# FAQ for DIRECTV’s New HD Onscreen Guide & Release Dates



## RobertE (Jun 10, 2006)

*What DIRECTV receivers will receive the New HD Onscreen Guide?*
The HD Onscreen Guide will be pushed to:HR20's, HR21's, HR21 PRO, HR22's, HR23's, HR24's, R22's, H21's, H23's, H24's, and H25 (H20's and non Mpeg 4 receivers are not included)​
*Why does the HD Onscreen Guide run slower when first down loaded?*

During the first 24 to 48 hours, the new HD Onscreen Guide will continue to download and update Plug Ins in the background causing the new HD Onscreen Guide to function slower than normal. It will take 24 to 48 hours for some Plug Ins such as movie posters to be fully available.​
*Should I force the download to the new HD Onscreen Guide if I did not receive the initial Download on November 1?*

Don't force a download for the new HD Onscreen Guide. If a download is forced, the receiver will revert back to the existing guide and you will not be able to receive the new guide until it is released to your DMA.​
HD ONSCREEN GUIDE over SD Output OSD:

"This TV or its cables are not HD. To see screen graphic, press the RES key on the front of the receiver until this message no longer appears"

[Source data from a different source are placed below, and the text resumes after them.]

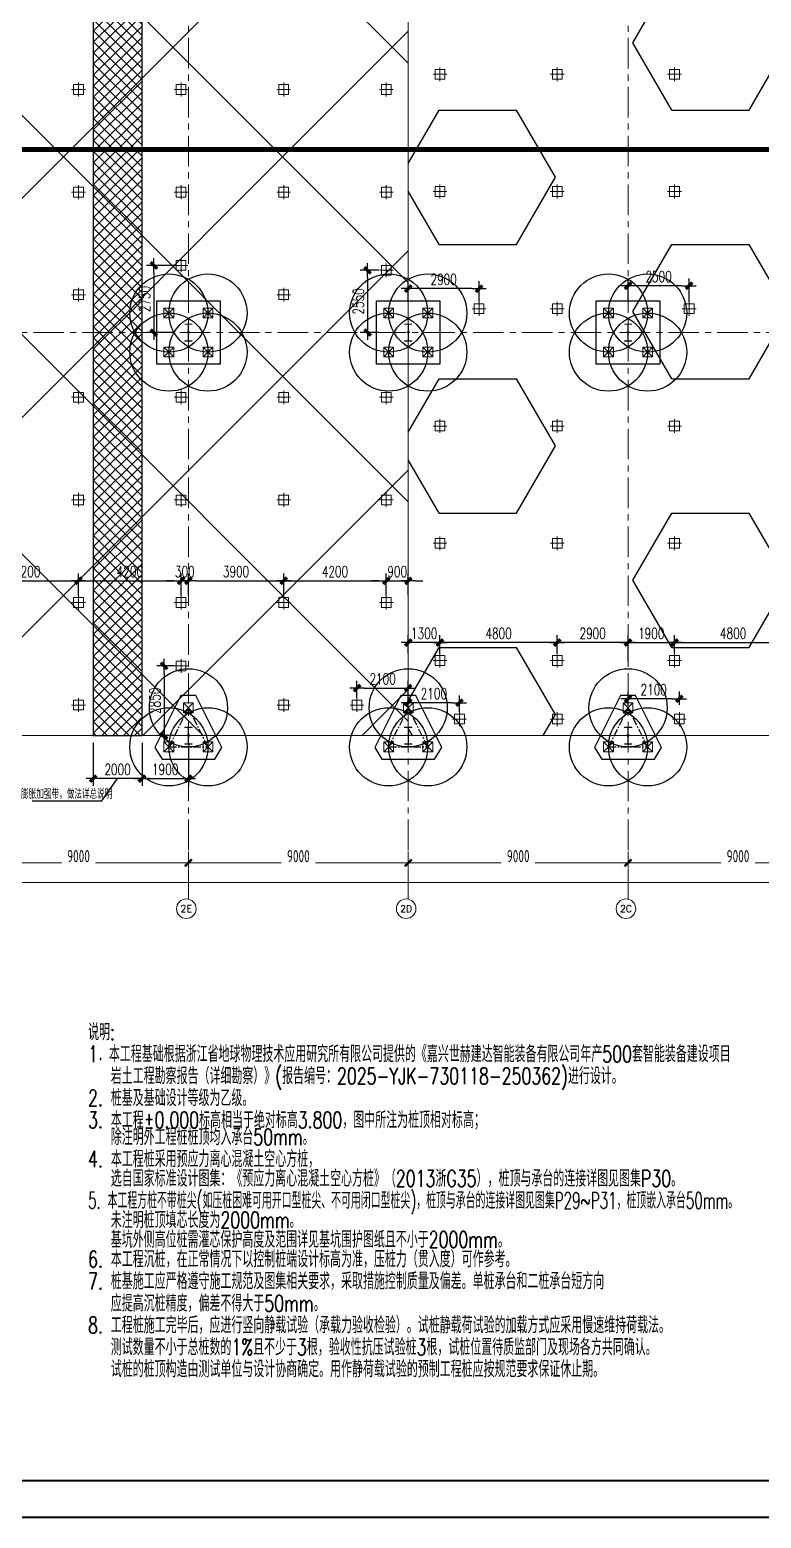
# Model space of a CAD drawing. Extents: x -1201378 to 2367219, y -619313 to 244905.
# Drawn here: x -426253 to -396306, y -96140 to -35201 of the extents above; entities that cross this region are included whole.
import ezdxf
from ezdxf.enums import TextEntityAlignment as Align

# ---------------------------------------------------------------- set-up
doc = ezdxf.new("R2010")
doc.units = 0
doc.header["$LTSCALE"] = 1000
doc.linetypes.add('CENTER', pattern=[2, 1.25, -0.25, 0.25, -0.25])
doc.linetypes.add('DASH', pattern=[0.35, 0.25, -0.1])
doc.layers.get('0').update_dxf_attribs({"linetype": 'CONTINUOUS'})
doc.layers.get('Defpoints').update_dxf_attribs({"linetype": 'CONTINUOUS'})
for name, color, linetype in [('0-cxFrame', 155, 'CONTINUOUS'), ('Hatch-一般填充', 252, 'CONTINUOUS'), ('S-DIMZ', 115, 'CONTINUOUS'), ('S-DOTE1', 140, 'CENTER'), ('S-HATCH1-W', 252, 'CONTINUOUS'), ('S-HJD', 97, 'CONTINUOUS'), ('S-SGJ', 21, 'CONTINUOUS'), ('S-SS', 111, 'CONTINUOUS')]:
    doc.layers.add(name, color=color, linetype=linetype)
for name, color, linetype, lineweight in [('0-cxText', 131, 'CONTINUOUS', 25), ('S-axis', 111, 'CONTINUOUS', 0), ('S-col', 2, 'CONTINUOUS', 0), ('S-dim', 81, 'CONTINUOUS', 0), ('S-dote', 5, 'CENTER', 0), ('S-zhuang', 1, 'CONTINUOUS', 0)]:
    doc.layers.add(name, color=color, linetype=linetype, lineweight=lineweight)
doc.styles.add('_TCH_AXIS', font='COMPLEX', dxfattribs={"bigfont": 'GBCBIG'})
doc.styles.add('cx_tuming', font='simhei.ttf')
doc.styles.add('cx_tuqian1', font='')
doc.styles.add('SS1', font='tj-romans1.shx', dxfattribs={"width": 0.7, "bigfont": 'tj-hztxt1.shx'})
doc.styles.add('TSSD_Dimension', font='tssdeng.shx', dxfattribs={"width": 0.7, "bigfont": 'hztxt.shx'})
doc.styles.add('黑体', font='simhei.ttf', dxfattribs={"width": 0.8})
doc.styles.get('cx_tuqian1').set_extended_font_data('SimSun')
doc.dimstyles.new('S-150-ARCHI', dxfattribs={"dimscale": 150, "dimtxt": 3, "dimasz": 2, "dimexe": 2, "dimexo": 2, "dimgap": 1, "dimtad": 1, "dimdec": 0, "dimzin": 0, "dimdsep": 46, "dimtxsty": 'SS1', "dimblk1": 'TT', "dimblk2": 'TT', "dimsah": 1, "dimcen": 1, "dimclrd": 256, "dimclre": 256, "dimclrt": 256, "dimadec": 0, "dimazin": 0, "dimtfac": 1, "dimtdec": 0, "dimtix": 1, "dimtmove": 2, "dimatfit": 0, "dimldrblk": 'TT', "dimfxl": 2, "dimtolj": 1, "dimtzin": 0, "dimarcsym": 0})
doc.dimstyles.new('TSSD_200_200', dxfattribs={"dimtxt": 500, "dimasz": 200, "dimexe": 200, "dimexo": 500, "dimgap": 200, "dimtad": 1, "dimdec": 0, "dimzin": 0, "dimdsep": 46, "dimtxsty": 'TSSD_Dimension', "dimblk": 'ARCHTICK', "dimcen": 0, "dimdle": 200, "dimclrt": 7, "dimadec": 0, "dimazin": 0, "dimtfac": 1, "dimtdec": 0, "dimtix": 1, "dimtmove": 2, "dimatfit": 3, "dimfxl": 1, "dimtolj": 1, "dimtzin": 0, "dimarcsym": 0})

# ---------------------------------------------------------------- blocks, each defined once
blk = doc.blocks.new('_ArchTick')
at = {"color": 0, "linetype": 'ByBlock', "const_width": 0.5}
blk.add_lwpolyline([(-0.71, -0.71), (0.71, 0.71)], dxfattribs=at)
blk = doc.blocks.new('*D79')
at = {"layer": 'Defpoints', "color": 0, "transparency": 16777216}
for p in [(-128758, -268348), (-119758, -268348), (-119758, -269308)]:
    blk.add_point(p, dxfattribs=at)
at = {"layer": 'S-axis', "color": 0, "lineweight": -2, "transparency": 16777216}
for p, q in [((-128958, -269308), (-124957, -269308)), ((-128758, -268848), (-128758, -269508)), ((-119558, -269308), (-123560, -269308)), ((-119758, -268848), (-119758, -269508))]:
    blk.add_line(p, q, dxfattribs=at)
at = {"layer": 'S-axis', "color": 0, "lineweight": -2, "transparency": 16777216, "xscale": 200, "yscale": 200, "zscale": 200, "rotation": 180}
blk.add_blockref('_ArchTick', (-128758, -269308), dxfattribs=at)
at = {"layer": 'S-axis', "color": 0, "lineweight": -2, "transparency": 16777216, "xscale": 200, "yscale": 200, "zscale": 200}
blk.add_blockref('_ArchTick', (-119758, -269308), dxfattribs=at)
at = {"layer": 'S-axis', "color": 7, "transparency": 16777216, "insert": (-124258, -269033), "char_height": 500, "attachment_point": 5, "style": 'TSSD_Dimension'}
blk.add_mtext('\\A1;9000', dxfattribs=at)
blk = doc.blocks.new('*D80')
at = {"layer": 'Defpoints', "color": 0, "transparency": 16777216}
for p in [(-119758, -268348), (-110758, -268348), (-110758, -269308)]:
    blk.add_point(p, dxfattribs=at)
at = {"layer": 'S-axis', "color": 0, "lineweight": -2, "transparency": 16777216}
for p, q in [((-119958, -269308), (-115957, -269308)), ((-119758, -268848), (-119758, -269508)), ((-110558, -269308), (-114560, -269308)), ((-110758, -268848), (-110758, -269508))]:
    blk.add_line(p, q, dxfattribs=at)
at = {"layer": 'S-axis', "color": 0, "lineweight": -2, "transparency": 16777216, "xscale": 200, "yscale": 200, "zscale": 200, "rotation": 180}
blk.add_blockref('_ArchTick', (-119758, -269308), dxfattribs=at)
at = {"layer": 'S-axis', "color": 0, "lineweight": -2, "transparency": 16777216, "xscale": 200, "yscale": 200, "zscale": 200}
blk.add_blockref('_ArchTick', (-110758, -269308), dxfattribs=at)
at = {"layer": 'S-axis', "color": 7, "transparency": 16777216, "insert": (-115258, -269033), "char_height": 500, "attachment_point": 5, "style": 'TSSD_Dimension'}
blk.add_mtext('\\A1;9000', dxfattribs=at)
blk = doc.blocks.new('*D81')
at = {"layer": 'Defpoints', "color": 0, "transparency": 16777216}
for p in [(-110758, -268348), (-101758, -268348), (-101758, -269308)]:
    blk.add_point(p, dxfattribs=at)
at = {"layer": 'S-axis', "color": 0, "lineweight": -2, "transparency": 16777216}
for p, q in [((-110958, -269308), (-106957, -269308)), ((-110758, -268848), (-110758, -269508)), ((-101558, -269308), (-105560, -269308)), ((-101758, -268848), (-101758, -269508))]:
    blk.add_line(p, q, dxfattribs=at)
at = {"layer": 'S-axis', "color": 0, "lineweight": -2, "transparency": 16777216, "xscale": 200, "yscale": 200, "zscale": 200, "rotation": 180}
blk.add_blockref('_ArchTick', (-110758, -269308), dxfattribs=at)
at = {"layer": 'S-axis', "color": 0, "lineweight": -2, "transparency": 16777216, "xscale": 200, "yscale": 200, "zscale": 200}
blk.add_blockref('_ArchTick', (-101758, -269308), dxfattribs=at)
at = {"layer": 'S-axis', "color": 7, "transparency": 16777216, "insert": (-106258, -269033), "char_height": 500, "attachment_point": 5, "style": 'TSSD_Dimension'}
blk.add_mtext('\\A1;9000', dxfattribs=at)
blk = doc.blocks.new('*D82')
at = {"layer": 'Defpoints', "color": 0, "transparency": 16777216}
for p in [(-101758, -268348), (-92758, -268348), (-92758, -269308)]:
    blk.add_point(p, dxfattribs=at)
at = {"layer": 'S-axis', "color": 0, "lineweight": -2, "transparency": 16777216}
for p, q in [((-101958, -269308), (-97957, -269308)), ((-101758, -268848), (-101758, -269508)), ((-92558, -269308), (-96560, -269308)), ((-92758, -268848), (-92758, -269508))]:
    blk.add_line(p, q, dxfattribs=at)
at = {"layer": 'S-axis', "color": 0, "lineweight": -2, "transparency": 16777216, "xscale": 200, "yscale": 200, "zscale": 200, "rotation": 180}
blk.add_blockref('_ArchTick', (-101758, -269308), dxfattribs=at)
at = {"layer": 'S-axis', "color": 0, "lineweight": -2, "transparency": 16777216, "xscale": 200, "yscale": 200, "zscale": 200}
blk.add_blockref('_ArchTick', (-92758, -269308), dxfattribs=at)
at = {"layer": 'S-axis', "color": 7, "transparency": 16777216, "insert": (-97258, -269033), "char_height": 500, "attachment_point": 5, "style": 'TSSD_Dimension'}
blk.add_mtext('\\A1;9000', dxfattribs=at)
blk = doc.blocks.new('*D92')
at = {"layer": 'Defpoints', "color": 0, "transparency": 16777216}
for p in [(-240958, -268448), (-82958, -268448), (-82958, -270108)]:
    blk.add_point(p, dxfattribs=at)
at = {"layer": 'S-axis', "color": 0, "lineweight": -2, "transparency": 16777216}
for p, q in [((-240958, -268948), (-240958, -270308)), ((-82958, -268948), (-82958, -270308)), ((-241158, -270108), (-162899, -270108)), ((-82758, -270108), (-161018, -270108))]:
    blk.add_line(p, q, dxfattribs=at)
at = {"layer": 'S-axis', "color": 0, "lineweight": -2, "transparency": 16777216, "xscale": 200, "yscale": 200, "zscale": 200, "rotation": 180}
blk.add_blockref('_ArchTick', (-240958, -270108), dxfattribs=at)
at = {"layer": 'S-axis', "color": 0, "lineweight": -2, "transparency": 16777216, "xscale": 200, "yscale": 200, "zscale": 200}
blk.add_blockref('_ArchTick', (-82958, -270108), dxfattribs=at)
at = {"layer": 'S-axis', "color": 7, "transparency": 16777216, "insert": (-161958, -269833), "char_height": 500, "attachment_point": 5, "style": 'TSSD_Dimension'}
blk.add_mtext('\\A1;158000', dxfattribs=at)
blk = doc.blocks.new('nt66')
at = {"layer": 'S-col'}
blk.add_lwpolyline([(-195790, 766820), (-195490, 766820), (-195490, 766808), (-195636, 766808), (-195636, 766132), (-195490, 766132), (-195490, 766120), (-195790, 766120), (-195790, 766132), (-195644, 766132), (-195644, 766808), (-195790, 766808)], close=True, dxfattribs=at)
blk = doc.blocks.new('33333')
for p in [(30786, -109900), (39786, -109900), (48786, -109900), (30786, -126400), (39786, -126400), (48786, -126400)]:
    blk.add_blockref('nt66', p)
blk = doc.blocks.new('TK22.A0 L(Dragon)')
at = {"layer": '0-cxFrame', "color": 7, "const_width": 0.5}
blk.add_lwpolyline([(0, 0), (-1486, 0), (-1486, 841), (0, 841)], close=True, dxfattribs=at)
at = {"layer": '0-cxFrame', "const_width": 0.5}
blk.add_lwpolyline([(-80, 10), (-1466, 10), (-1466, 831), (-80, 831)], close=True, dxfattribs=at)
at = {"style": '黑体', "flags": 4}
blk.add_attdef('图幅', text='', height=3.3, dxfattribs=at).set_placement((-40, 3), align=Align.RIGHT)
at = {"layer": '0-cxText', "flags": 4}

When the receiver resolution is set to 720p, 1080i, or 1080p, the UI will not appear on the receiver's SD outputs, and the HD ONSCREEN GUIDE over SD Output OSD will appear automatically. The OSD will clear in 20 seconds, or 2 seconds in the case of the Score Guide.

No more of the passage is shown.